Given records below:

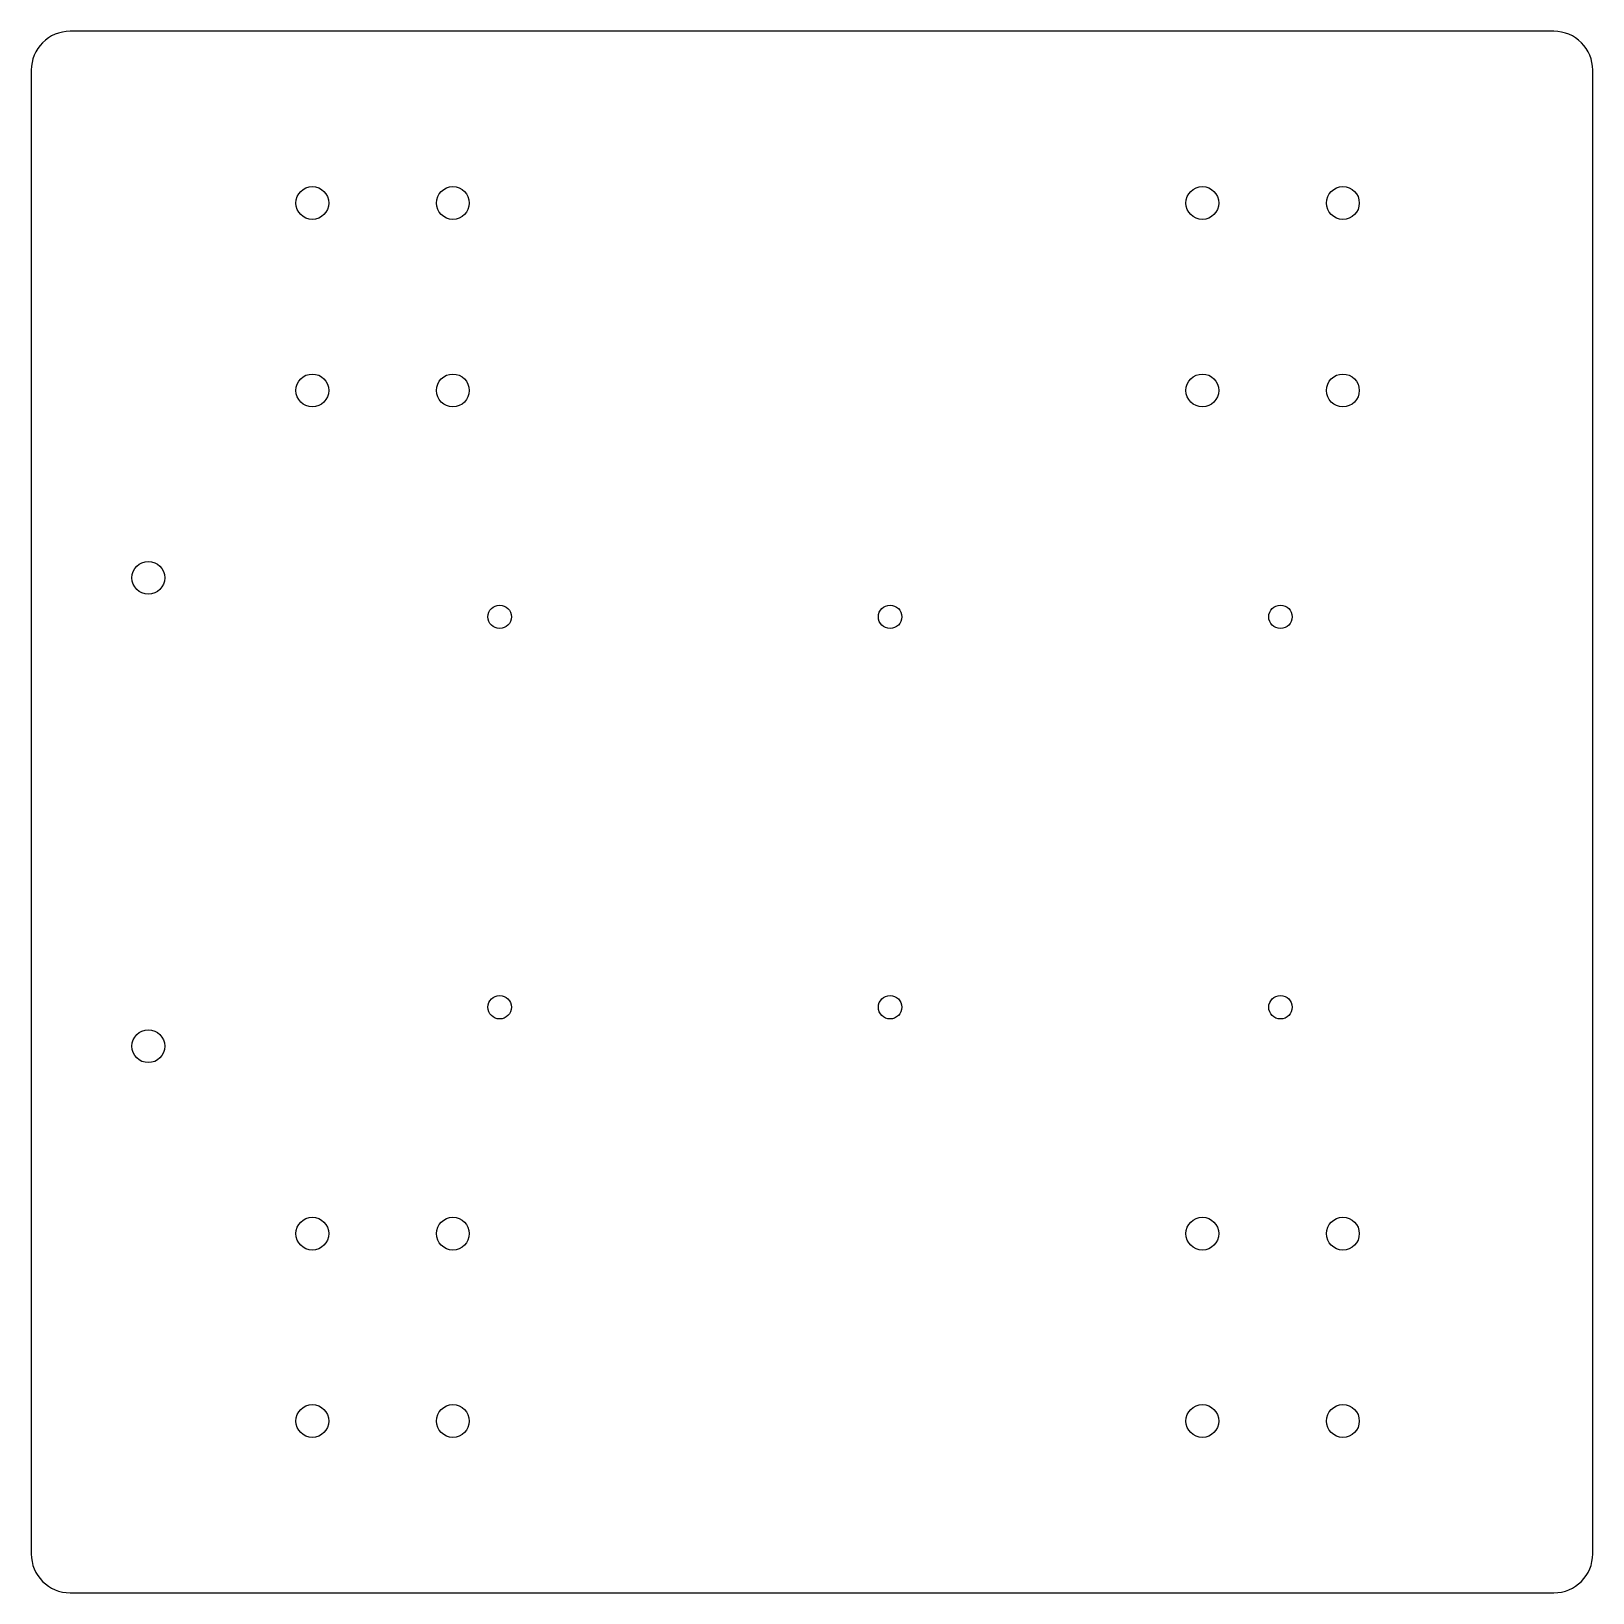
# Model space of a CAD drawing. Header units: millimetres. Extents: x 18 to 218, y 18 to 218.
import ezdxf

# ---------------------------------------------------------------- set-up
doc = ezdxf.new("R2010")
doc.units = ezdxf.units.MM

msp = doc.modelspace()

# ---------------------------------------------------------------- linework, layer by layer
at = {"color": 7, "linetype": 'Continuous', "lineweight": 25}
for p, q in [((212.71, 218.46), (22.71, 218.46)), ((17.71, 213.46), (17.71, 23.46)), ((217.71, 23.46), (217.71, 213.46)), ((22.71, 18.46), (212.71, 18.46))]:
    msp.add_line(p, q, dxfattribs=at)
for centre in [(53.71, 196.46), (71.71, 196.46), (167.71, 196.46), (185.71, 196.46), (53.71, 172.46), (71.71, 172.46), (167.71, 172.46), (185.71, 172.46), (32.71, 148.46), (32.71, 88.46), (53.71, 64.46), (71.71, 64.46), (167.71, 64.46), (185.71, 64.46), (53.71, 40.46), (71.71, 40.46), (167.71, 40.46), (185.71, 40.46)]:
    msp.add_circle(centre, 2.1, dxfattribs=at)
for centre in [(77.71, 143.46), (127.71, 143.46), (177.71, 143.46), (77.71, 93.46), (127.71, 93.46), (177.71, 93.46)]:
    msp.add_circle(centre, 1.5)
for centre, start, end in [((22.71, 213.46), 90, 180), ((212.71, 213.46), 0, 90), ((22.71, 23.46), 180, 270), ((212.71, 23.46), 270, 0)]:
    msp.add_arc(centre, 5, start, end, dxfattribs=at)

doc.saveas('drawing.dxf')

End of Given records.

> Task statement: Without including any picture, output all the material exactly as it appears.

> Written answer:
# Model space of a CAD drawing. Header units: millimetres. Extents: x 18 to 218, y 18 to 218.
import ezdxf

# ---------------------------------------------------------------- set-up
doc = ezdxf.new("R2010")
doc.units = ezdxf.units.MM

msp = doc.modelspace()

# ---------------------------------------------------------------- linework, layer by layer
at = {"color": 7, "linetype": 'Continuous', "lineweight": 25}
for p, q in [((212.71, 218.46), (22.71, 218.46)), ((17.71, 213.46), (17.71, 23.46)), ((217.71, 23.46), (217.71, 213.46)), ((22.71, 18.46), (212.71, 18.46))]:
    msp.add_line(p, q, dxfattribs=at)
for centre in [(53.71, 196.46), (71.71, 196.46), (167.71, 196.46), (185.71, 196.46), (53.71, 172.46), (71.71, 172.46), (167.71, 172.46), (185.71, 172.46), (32.71, 148.46), (32.71, 88.46), (53.71, 64.46), (71.71, 64.46), (167.71, 64.46), (185.71, 64.46), (53.71, 40.46), (71.71, 40.46), (167.71, 40.46), (185.71, 40.46)]:
    msp.add_circle(centre, 2.1, dxfattribs=at)
for centre in [(77.71, 143.46), (127.71, 143.46), (177.71, 143.46), (77.71, 93.46), (127.71, 93.46), (177.71, 93.46)]:
    msp.add_circle(centre, 1.5)
for centre, start, end in [((22.71, 213.46), 90, 180), ((212.71, 213.46), 0, 90), ((22.71, 23.46), 180, 270), ((212.71, 23.46), 270, 0)]:
    msp.add_arc(centre, 5, start, end, dxfattribs=at)

doc.saveas('drawing.dxf')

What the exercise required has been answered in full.